= March 1st Authorization =

Rejected 2003 Turkish government motion

The March 1st Authorization, officially titled "Authorization for the Government to Send the Turkish Armed Forces to Foreign Countries and to Allow Foreign Armed Forces to be Present in Turkey," is a parliamentary motion presented to the Turkish Grand National Assembly (TBMM) by the government on February 25, 2003, regarding the Iraq crisis, and was rejected in the general assembly.

== Content ==

The motion sought a 6-month authorization from the TBMM for the government, which is responsible to the Grand National Assembly for ensuring national security and preparing the Armed Forces for homeland defense under Article 117 of the Constitution, to:
- Send the Turkish Armed Forces to Northern Iraq;
- Use these forces in Northern Iraq as necessary to maintain effective deterrence under principles to be determined, and to make arrangements for the use of foreign military aircraft in Turkish airspace and to set the rules for such usage under Article 92 of the Constitution.

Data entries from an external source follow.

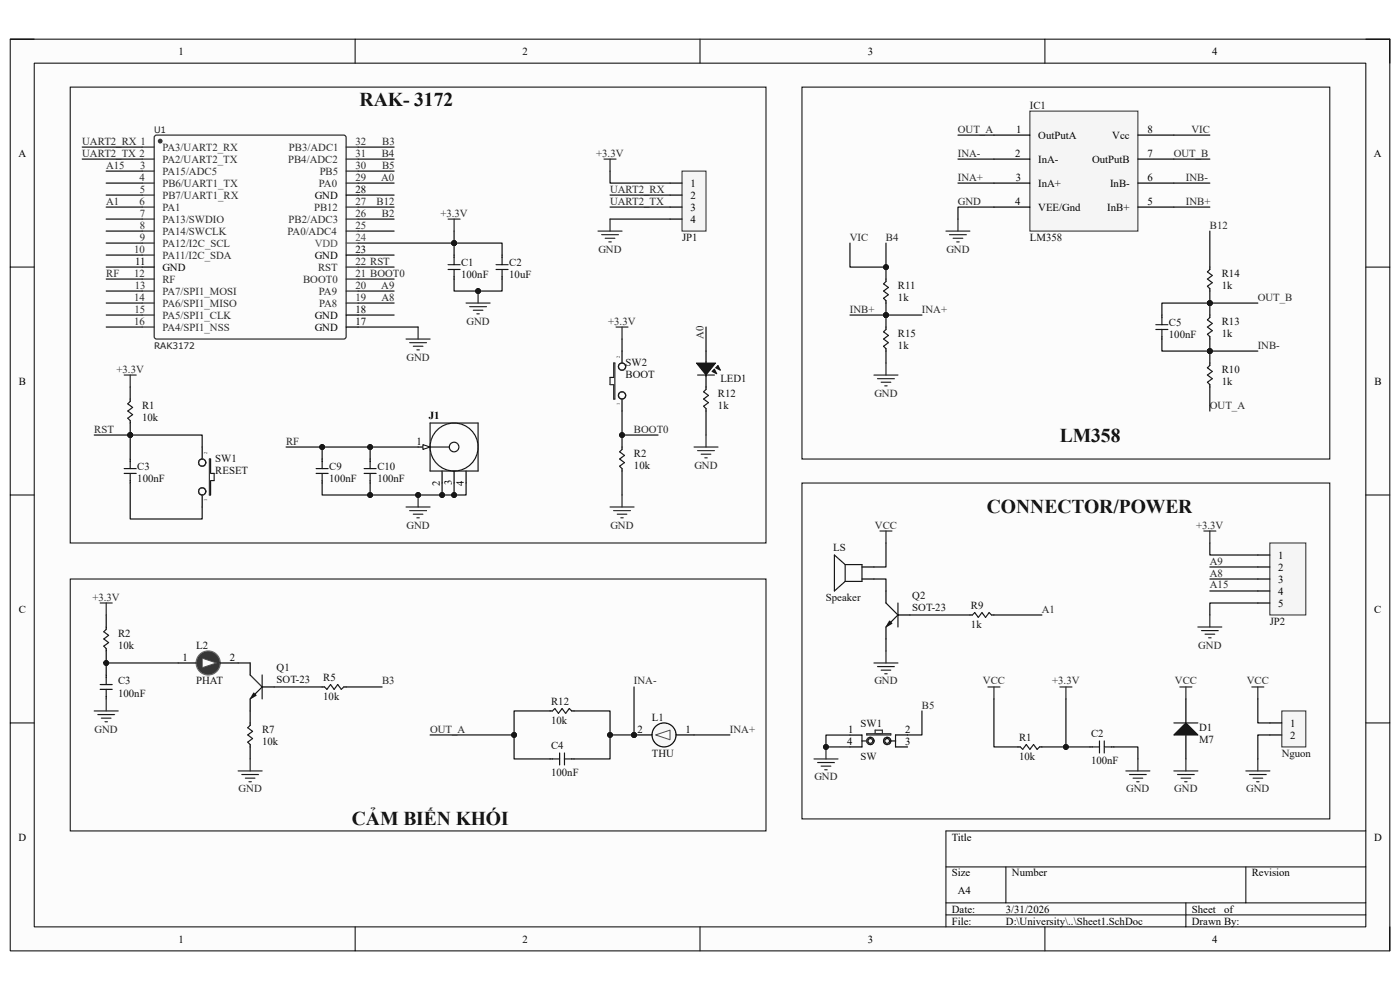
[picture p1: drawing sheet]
<svg xmlns="http://www.w3.org/2000/svg" width="297mm" height="210mm" viewBox="0 0 297 210" stroke-linecap="round" stroke-linejoin="round" font-family="sans-serif">
<path d="M2.2 8.3h292.7v193.4h-292.7z" fill-rule="evenodd" fill="#fcfcfc"/>
<path d="M2.2 8.3h292.7v193.4h-292.7z" fill="none" stroke="#000" stroke-width=".21"/>
<path d="M7.3 13.4h282.5v183.2h-282.5z" fill-rule="evenodd" fill="#fcfcfc"/>
<g fill="none" stroke="#000" stroke-width=".21">
<path d="M2.2 8.3h5.1M7.3 13.4h282.5v183.2h-282.5zM14.9 18.5h147.6v96.7h-147.6zM75.3 8.3v5.1M148.5 8.3v5.1M170.1 18.5h112v78.9h-112zM221.7 8.3v5.1M289.8 8.3h5.1v5.1M2.2 56.7h5.1M289.8 56.7h5.1M2.2 105h5.1M289.8 105h5.1"/>
<path d="M14.9 122.8h147.6v53.5h-147.6zM2.2 153.4h5.1M289.8 153.4h5.1M289.8 176.3h-89.1v20.3M75.3 196.6v5.1M148.5 196.6v5.1M200.7 183.9h89.1M200.7 191.5h89.1M200.7 194.1h89.1M213.4 183.9v7.6M221.7 196.6v5.1M251.6 191.5v5.1"/>
<path d="M264.3 183.9v7.6M294.9 196.6v5.1"/>
</g>
<path d="M95.1 57.2h2.5M95.1 56.1h2.5M96.3 54.6v1.5M96.3 57.2v1.5M105.2 57.2h2.6M105.2 56.1h2.6M106.5 54.6v1.5M106.5 57.2v1.5" fill="none" stroke="#1c1c1c" stroke-width=".25"/>
<path d="M96.3 54.1v.5M96.3 58.7v.5M106.5 54.1v.5M106.5 58.7v.5" fill="none" stroke="#000" stroke-width=".25"/>
<path d="M95.1 46.5h2.5M96.3 46.5v2.5M98.9 64.3h5.1M99.6 65.1h3.6M100.4 65.8h2M101.2 66.6h.5M101.4 61.7v2.6" fill="none" stroke="#262626" stroke-width=".25"/>
<circle cx="101.4" cy="61.7" r=".51" fill="#0e0e0e"/>
<circle cx="101.4" cy="61.7" r=".51" fill="none" stroke="#0e0e0e" stroke-width=".21"/>
<g fill="none" stroke="#1c1c1c" stroke-width=".25">
<circle cx="96.3" cy="94.8" r="5.1"/>
<circle cx="96.3" cy="94.8" r="1.02"/>
</g>
<path d="M88.7 94.8h2.5" fill="none" stroke="#000" stroke-width=".25"/>
<path d="M89.7 94.3l1.5 .5-1.5 .5z" fill="#fbfbfb"/>
<path d="M89.7 94.3l1.5 .5-1.5 .5z" fill="none" stroke="#000" stroke-width=".21"/>
<path d="M68.3 97.4v.5M78.5 97.4v.5M93.8 99.9v2.6M96.3 99.9v2.6M98.9 99.9v2.6M68.3 102v.5M78.5 102v.5" fill="none" stroke="#000" stroke-width=".25"/>
<path d="M67.1 99.4h2.5M68.3 97.9v1.5M77.2 99.4h2.6M78.5 97.9v1.5M91.2 89.7h10.2v10.2h-10.2zM91.2 94.8h4.1M67.1 100.4h2.5M68.3 100.4v1.6M77.2 100.4h2.6M78.5 100.4v1.6" fill="none" stroke="#1c1c1c" stroke-width=".25"/>
<path d="M86.2 107.6h5M86.9 108.3h3.6M87.7 109.1h2M88.4 109.8h.6M88.7 105v2.6" fill="none" stroke="#262626" stroke-width=".25"/>
<circle cx="88.7" cy="105" r=".51" fill="#0e0e0e"/>
<circle cx="88.7" cy="105" r=".51" fill="none" stroke="#0e0e0e" stroke-width=".21"/>
<path d="M33 28.7h39.9l.5 .2v42.5l-.2 .5h-40l-.4-.2-.1-42.5z" fill="none" stroke="#292929" stroke-width=".25"/>
<circle cx="34" cy="29.9" r=".38" fill="#292929"/>
<g fill="none" stroke="#292929" stroke-width=".25">
<path d="M30.2 31.2h2.5M30.2 33.8h2.5M30.2 36.3h2.5M30.2 38.8h2.5M73.4 31.2h2.6M73.4 33.8h2.6M73.4 36.3h2.6M73.4 38.8h2.6M30.2 41.4h2.5M30.2 43.9h2.5M30.2 46.5h2.5M30.2 49h2.5"/>
<path d="M30.2 51.6h2.5M30.2 54.1h2.5M30.2 59.2h2.5M73.4 43.9h2.6M73.4 46.5h2.6M73.4 49h2.6M73.4 59.2h2.6M73.4 56.7h2.6M30.2 61.7h2.5M30.2 64.3h2.5M30.2 66.8h2.5M30.2 69.4h2.5"/>
<path d="M73.4 61.7h2.6M73.4 64.3h2.6"/>
<circle cx="34" cy="29.9" r=".38"/>
</g>
<path d="M30.2 56.7h2.5M73.4 54.1h2.6M73.4 41.4h2.6M73.4 69.4h2.6M73.4 66.8h2.6" fill="none" stroke="#000" stroke-width=".25"/>
<path d="M73.4 51.6h2.6" fill="none" stroke="#4c4c4c" stroke-width=".25"/>
<path d="M218.5 23.6h22.9v25.4h-22.9z" fill-rule="evenodd" fill="#f5f5f5"/>
<path d="M218.5 23.6h22.9v25.4h-22.9z" fill="none" stroke="#262626" stroke-width=".21"/>
<path d="M210.9 28.7h7.6M210.9 33.8h7.6M210.9 38.8h7.6M241.4 28.7h7.6M241.4 33.8h7.6M241.4 38.8h7.6M210.9 43.9h7.6M241.4 43.9h7.6M132 94.8v.5M132 99.4v.5" fill="none" stroke="#000" stroke-width=".25"/>
<path d="M132 95.3l-.5 .5 1 .8-1 .8 1 .7-1 .8 .5 .5" fill="none" stroke="#1c1c1c" stroke-width=".25"/>
<path d="M130.7 69.4h2.5M132 69.4v2.5M129.4 107.6h5.1M130.2 108.3h3.5M130.9 109.1h2.1M131.7 109.8h.5M132 105v2.6" fill="none" stroke="#262626" stroke-width=".25"/>
<path d="M152.3 77.5l.5 1-1-.5z" fill="#1c1c1c"/>
<path d="M152.3 77.5l.5 1-1-.5z" fill="none" stroke="#1c1c1c" stroke-width=".21"/>
<path d="M151.1 78.8l.5-.5 .5 1z" fill="#1c1c1c"/>
<path d="M151.1 78.8l.5-.5 .5 1z" fill="none" stroke="#1c1c1c" stroke-width=".21"/>
<path d="M147.7 77h4.1l-2 2.6z" fill="#1c1c1c"/>
<path d="M147.7 77h4.1l-2 2.6z" fill="none" stroke="#1c1c1c" stroke-width=".21"/>
<path d="M148 79.6h3.6M149.8 76.8v.7M149.8 79.3v.5M26.3 99.4h2.6M27.6 85.2l-.5 .5 1 .7-1 .8 1 .8-1 .7 .5 .5M27.6 97.9v1.5M149.8 82.6l-.5 .5 1 .8-1 .8 1 .7-1 .8 .5 .5M26.3 100.4h2.6M27.6 100.4v1.6" fill="none" stroke="#1c1c1c" stroke-width=".25"/>
<path d="M132 74.5v2.5M149.8 74.5v2.5M149.8 79.6v3M27.6 84.6v.6M27.6 89.2v.5M27.6 97.4v.5M42.9 94.8v2.6M132 84.7v2.5M149.8 86.7v.5M27.6 102v.5M42.9 105v2.6" fill="none" stroke="#000" stroke-width=".25"/>
<g fill="none" stroke="#262626" stroke-width=".25">
<path d="M26.3 79.6h2.6M27.6 79.6v2.5M130.2 77h.2v7.7h-.2v-3.1h-.8v-1.5h.8zM44.4 97.4h.3v3h.7v1.6h-.7v3h-.3zM147.2 94.8h5.1M148 95.6h3.6M148.8 96.4h2M149.5 97.1h.5M149.8 92.3v2.5"/>
<circle cx="132" cy="77.8" r=".76"/>
<circle cx="42.9" cy="98.1" r=".76"/>
<circle cx="132" cy="83.9" r=".76"/>
<circle cx="42.9" cy="104.2" r=".76"/>
</g>
<path d="M144.7 36.3h5.1v12.7h-5.1z" fill-rule="evenodd" fill="#f5f5f5"/>
<path d="M144.7 36.3h5.1v12.7h-5.1z" fill="none" stroke="#262626" stroke-width=".21"/>
<path d="M142.1 38.8h2.6M142.1 41.4h2.6M142.1 43.9h2.6M142.1 46.5h2.6" fill="none" stroke="#000" stroke-width=".25"/>
<g fill="none" stroke="#262626" stroke-width=".25">
<path d="M128.1 33.8h2.6M129.4 33.8v2.5M126.9 49h5.1M127.6 49.8h3.6M128.4 50.5h2M129.2 51.3h.5M129.4 46.5v2.5M200.7 49h5.1M201.4 49.8h3.6M202.2 50.5h2M203 51.3h.5M203.2 46.5v2.5"/>
<path d="M86.2 71.9h5M86.9 72.7h3.6M87.7 73.5h2M88.4 74.2h.6M88.7 69.4v2.5"/>
</g>
<path d="M53.1 143.2l2.5 2.5-2 2.1M55.6 143.2v5.1" fill="none" stroke="#1c1c1c" stroke-width=".25"/>
<path d="M53.8 147l.5 .5-1.2 .8z" fill="#1c1c1c"/>
<path d="M53.8 147l.5 .5-1.2 .8z" fill="none" stroke="#1c1c1c" stroke-width=".21"/>
<path d="M22.5 133v.5M22.5 137.6v.5M22.5 143.2v.5M22.5 147.8v.5M53.1 140.6v2.6M53.1 148.3v2.5M53.1 153.4v.5M53.1 157.9v.6M55.6 145.7h2.6M68.3 145.7h.5M72.9 145.7h.5" fill="none" stroke="#000" stroke-width=".25"/>
<path d="M22.5 133.5l-.5 .5 1 .8-1 .8 1 .7-1 .8 .5 .5M21.3 145.2h2.5M21.3 146.2h2.5M22.5 143.7v1.5M22.5 146.2v1.6M53.1 153.9l-.5 .5 1 .7-1 .8 1 .8-1 .7 .5 .5M68.8 145.7l.6 .5 .7-1 .8 1 .7-1 .8 1 .5-.5" fill="none" stroke="#1c1c1c" stroke-width=".25"/>
<circle cx="44.2" cy="140.6" r="2.55" fill="#343434"/>
<circle cx="44.2" cy="140.6" r="2.55" fill="none" stroke="#676767" stroke-width=".25"/>
<path d="M42.9 139.6l3 1-3 1.1z" fill="#fbfbfb"/>
<path d="M42.9 139.6l3 1-3 1.1z" fill="none" stroke="#4c4c4c" stroke-width=".21"/>
<path d="M37.8 140.6h3.8M46.7 140.6h3.8" fill="none" stroke="#000" stroke-width=".25"/>
<path d="M21.3 127.9h2.5M22.5 127.9v2.6M20 150.8h5.1M20.7 151.6h3.6M21.5 152.3h2M22.3 153.1h.5M22.5 148.3v2.5M50.5 163.5h5.1M51.3 164.3h3.6M52.1 165.1h2M52.8 165.8h.5M53.1 161v2.5" fill="none" stroke="#262626" stroke-width=".25"/>
<path d="M269.4 115.2h7.6v15.3h-7.6z" fill-rule="evenodd" fill="#f5f5f5"/>
<path d="M269.4 115.2h7.6v15.3h-7.6z" fill="none" stroke="#262626" stroke-width=".21"/>
<path d="M266.8 117.7h2.6M266.8 120.3h2.6M266.8 122.8h2.6M266.8 125.4h2.6M266.8 127.9h2.6M180.3 155.9h2.5M180.3 158.5h2.6M190 155.9h2.5M190 158.5h2.5" fill="none" stroke="#000" stroke-width=".25"/>
<path d="M170.1 102.5h112v71.2h-112z" fill="none" stroke="#000" stroke-width=".21"/>
<path d="M182.9 157.2h1.2M182.9 155.9v2.6M185.1 157.3a.51 .51 0 0 0-.6-.6 .51 .51 0 0 0-.2 .9 .51 .51 0 0 0 .8-.3M188.7 157.3a.51 .51 0 0 0-.7-.6 .51 .51 0 0 0-.1 .9 .51 .51 0 0 0 .8-.3M188.7 157.2h1.3M190 155.9v2.6" fill="none" stroke="#1c1c1c" stroke-width=".25"/>
<g fill="none" stroke="#262626" stroke-width=".25">
<path d="M175.2 158.5v2.5M183.9 155.7h5.1v.2h-5.1zM185.7 155.7v-.8h1.5v.8M172.7 161h5.1M173.5 161.8h3.5M174.2 162.5h2.1M175 163.3h.5"/>
<circle cx="184.6" cy="157.2" r=".76"/>
<circle cx="188.2" cy="157.2" r=".76"/>
</g>
<circle cx="175.2" cy="158.5" r=".51" fill="#0e0e0e"/>
<circle cx="175.2" cy="158.5" r=".51" fill="none" stroke="#0e0e0e" stroke-width=".21"/>
<path d="M116.7 150.8h.5M121.3 150.8h.5M116.7 161h.5M121.3 161h.5" fill="none" stroke="#000" stroke-width=".25"/>
<path d="M117.2 150.8l.5-.5 .8 1 .7-1 .8 1 .8-1 .5 .5M118.7 159.7v2.6M119.8 159.7v2.6M117.2 161h1.5M119.8 161h1.5" fill="none" stroke="#1c1c1c" stroke-width=".25"/>
<circle cx="134.5" cy="155.9" r=".51" fill="#0e0e0e"/>
<circle cx="134.5" cy="155.9" r=".51" fill="none" stroke="#0e0e0e" stroke-width=".21"/>
<circle cx="140.9" cy="155.9" r="2.55" fill="#f8f8f8"/>
<circle cx="140.9" cy="155.9" r="2.55" fill="none" stroke="#000" stroke-width=".25"/>
<path d="M139.1 155.9l3-1v2z" fill="#fbfbfb"/>
<path d="M139.1 155.9l3-1v2z" fill="none" stroke="#4c4c4c" stroke-width=".21"/>
<path d="M134.5 155.9h3.8M143.4 155.9h3.8" fill="none" stroke="#000" stroke-width=".25"/>
<circle cx="134.5" cy="155.9" r=".51" fill="#0e0e0e"/>
<circle cx="134.5" cy="155.9" r=".51" fill="none" stroke="#0e0e0e" stroke-width=".21"/>
<path d="M188 59.2v.5M256.7 56.7v.5M188 63.8v.5M188 69.4v.5M188 74v.5M246.5 66.8v.6M246.5 71.4v.5M256.7 61.2v.5M256.7 66.8v.6M256.7 71.4v.5M256.7 77v.5M256.7 81.6v.5" fill="none" stroke="#000" stroke-width=".25"/>
<path d="M188 59.7l-.5 .5 1 .8-1 .7 1 .8-1 .8 .5 .5M256.7 57.2l-.5 .5 1 .7-1 .8 1 .8-1 .7 .5 .5M188 69.9l-.5 .5 1 .8-1 .7 1 .8-1 .8 .5 .5M245.2 68.9h2.6M245.2 69.9h2.6M246.5 67.4v1.5M246.5 69.9v1.5M256.7 67.4l-.5 .5 1 .7-1 .8 1 .7-1 .8 .5 .5M256.7 77.5l-.5 .5 1 .8-1 .8 1 .7-1 .8 .5 .5" fill="none" stroke="#1c1c1c" stroke-width=".25"/>
<path d="M185.4 79.6h5.1M188 77v2.6M186.2 80.3h3.5M186.9 81.1h2.1M187.7 81.9h.5M255.4 112.6h2.5M256.7 112.6v2.6M254.1 133h5.1M254.9 133.8h3.6M255.7 134.5h2M256.4 135.3h.5M256.7 130.5v2.5" fill="none" stroke="#262626" stroke-width=".25"/>
<path d="M271.9 150.8h5.1v7.7h-5.1z" fill-rule="evenodd" fill="#f5f5f5"/>
<path d="M271.9 150.8h5.1v7.7h-5.1z" fill="none" stroke="#262626" stroke-width=".21"/>
<path d="M251.6 148.3v5.1M251.6 155.9v5.1M269.4 153.4h2.5M269.4 155.9h2.5" fill="none" stroke="#000" stroke-width=".25"/>
<path d="M265.6 145.7h2.5M266.8 145.7v2.6M264.3 163.5h5.1M265.1 164.3h3.5M265.8 165.1h2.1M266.6 165.8h.5M266.8 161v2.5" fill="none" stroke="#262626" stroke-width=".25"/>
<path d="M249 155.9l2.6-2.5 2.5 2.5z" fill="#1c1c1c"/>
<path d="M188 127.9l2.5 2.6-2 2M190.5 127.9v5.1M216.5 158.5l.5 .5 .7-1.1 .8 1.1 .8-1.1 .7 1.1 .5-.5M231.7 158.5h1.6M233.3 157.2v2.5M234.3 158.5h1.5M234.3 157.2v2.5M249 155.9l2.6-2.5 2.5 2.5zM249 153.4h5.1" fill="none" stroke="#1c1c1c" stroke-width=".25"/>
<g fill="none" stroke="#262626" stroke-width=".25">
<path d="M209.6 145.7h2.5M210.9 145.7v2.6M224.9 145.7h2.5M226.1 145.7v2.6M250.3 145.7h2.6M251.6 145.7v2.6M238.9 163.5h5M239.6 164.3h3.6M240.4 165.1h2M241.2 165.8h.5M241.4 161v2.5M249 163.5h5.1"/>
<path d="M249.8 164.3h3.6M250.6 165.1h2M251.3 165.8h.5M251.6 161v2.5"/>
</g>
<path d="M216 158.5h.5M220.5 158.5h.5M231.2 158.5h.5M235.8 158.5h.5" fill="none" stroke="#000" stroke-width=".25"/>
<path d="M188.7 131.7l.5 .5-1.2 .8z" fill="#1c1c1c"/>
<path d="M188.7 131.7l.5 .5-1.2 .8z" fill="none" stroke="#1c1c1c" stroke-width=".21"/>
<path d="M182.9 122.8h2.5M182.9 120.3h2.5M188 125.4v2.5M188 133v2.6M190.5 130.5h2.6M205.8 130.5h.5M210.4 130.5h.5" fill="none" stroke="#000" stroke-width=".25"/>
<path d="M179.3 119.8l-2.3-2.1v7.7l2.3-2.1M179.3 119.8v3.5M179.3 119.8h3.6v3.5h-3.6M206.3 130.5l.5-.5 .7 1 .8-1 .8 1 .7-1 .6 .5" fill="none" stroke="#1c1c1c" stroke-width=".25"/>
<path d="M186.7 112.6h2.5M188 112.6v2.6M188 138.1v2.5M185.4 140.6h5.1M186.2 141.4h3.5M186.9 142.2h2.1M187.7 142.9h.5" fill="none" stroke="#262626" stroke-width=".25"/>
<path d="M96.3 59.2v2.5h10.2v-2.5" fill="none" stroke="#0e0e0e" stroke-width=".25"/>
<circle cx="101.4" cy="61.7" r=".51" fill="#0e0e0e"/>
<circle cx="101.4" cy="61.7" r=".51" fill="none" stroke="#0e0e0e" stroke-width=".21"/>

The motion proposed that a maximum of 62,000 foreign military personnel could stay in Turkey for 6 months, and that the foreign forces' air assets would be limited to 255 aircraft and 65 helicopters.

== Voting in the TBMM ==
In a speech, Önder Sav from the CHP opposed the motion, referring to American ships as "enemy ships". Ahmet Sever, in a work where he wrote as an advisor to Abdullah Gül, described the situation within the AK Party: "Notable figures like Beşir Atalay, Mehmet Aydın, Ertuğrul Yalçınbayır, Bülent Arınç, Zeki Ergezen, Azmi Ateş, and Kemalettin Göktaş were against the motion and were actively working against it within the party. Recep Tayyip Erdoğan, on the other hand, emphasized that the motion had to be passed in the parliament." "Cüneyt Zapsu, Ömer Çelik, and Egemen Bağış were working hard for the acceptance of the motion. Zapsu, in particular, was in constant contact with the US Deputy Secretary of Defense Paul Wolfowitz." In the voting, 533 members of parliament participated, with 250 votes against, 264 votes in favor, and 19 abstentions. However, the motion did not reach the required 267 majority according to Article 96 of the Constitution. Therefore, the motion was considered rejected.

== Rejection and Effects ==

The rejection of the motion caused disappointment among Americans. Unable to use Turkish airspace, ports, and territories, the United States faced a significant failure during the Iraq invasion, resulting in heavy economic and social costs.

However, it would be incorrect to attribute all of the US's military difficulties solely to the March 1st Authorization. The United States Armed Forces executed the Iraq invasion through different military bases in various countries by air and amphibious operations from the south of the country. Air-strike and close-support operations were carried out entirely from aircraft carriers and air bases in Saudi Arabia; long-range strategic bombing operations were conducted from RAF Lakenheath in the UK and the Diego Garcia base in the Indian Ocean. İncirlik was important not as a launch point for US fighter aircraft, as was the case in the First Gulf War, but as a logistical and transit point.

President Bush and his team faced significant criticism from the American public and encountered unexpected levels of civilian resistance in Iraq.

It is claimed that the Baghdad Mall Incident that occurred after the rejection of the motion was a form of retaliation for the parliamentary decision.

President Recep Tayyip Erdoğan stated in a 2016 statement, "We do not want to make the same mistake in Syria as we did in Iraq. I supported the March 1st Authorization; those who opposed it did not express it openly. Some engaged in secret lobbying. You can investigate and find out who those people were. If the March 1st Authorization had been accepted at the beginning, Turkey would have been at the table regarding Iraq. If it had passed at the beginning, Turkey would have been at the table."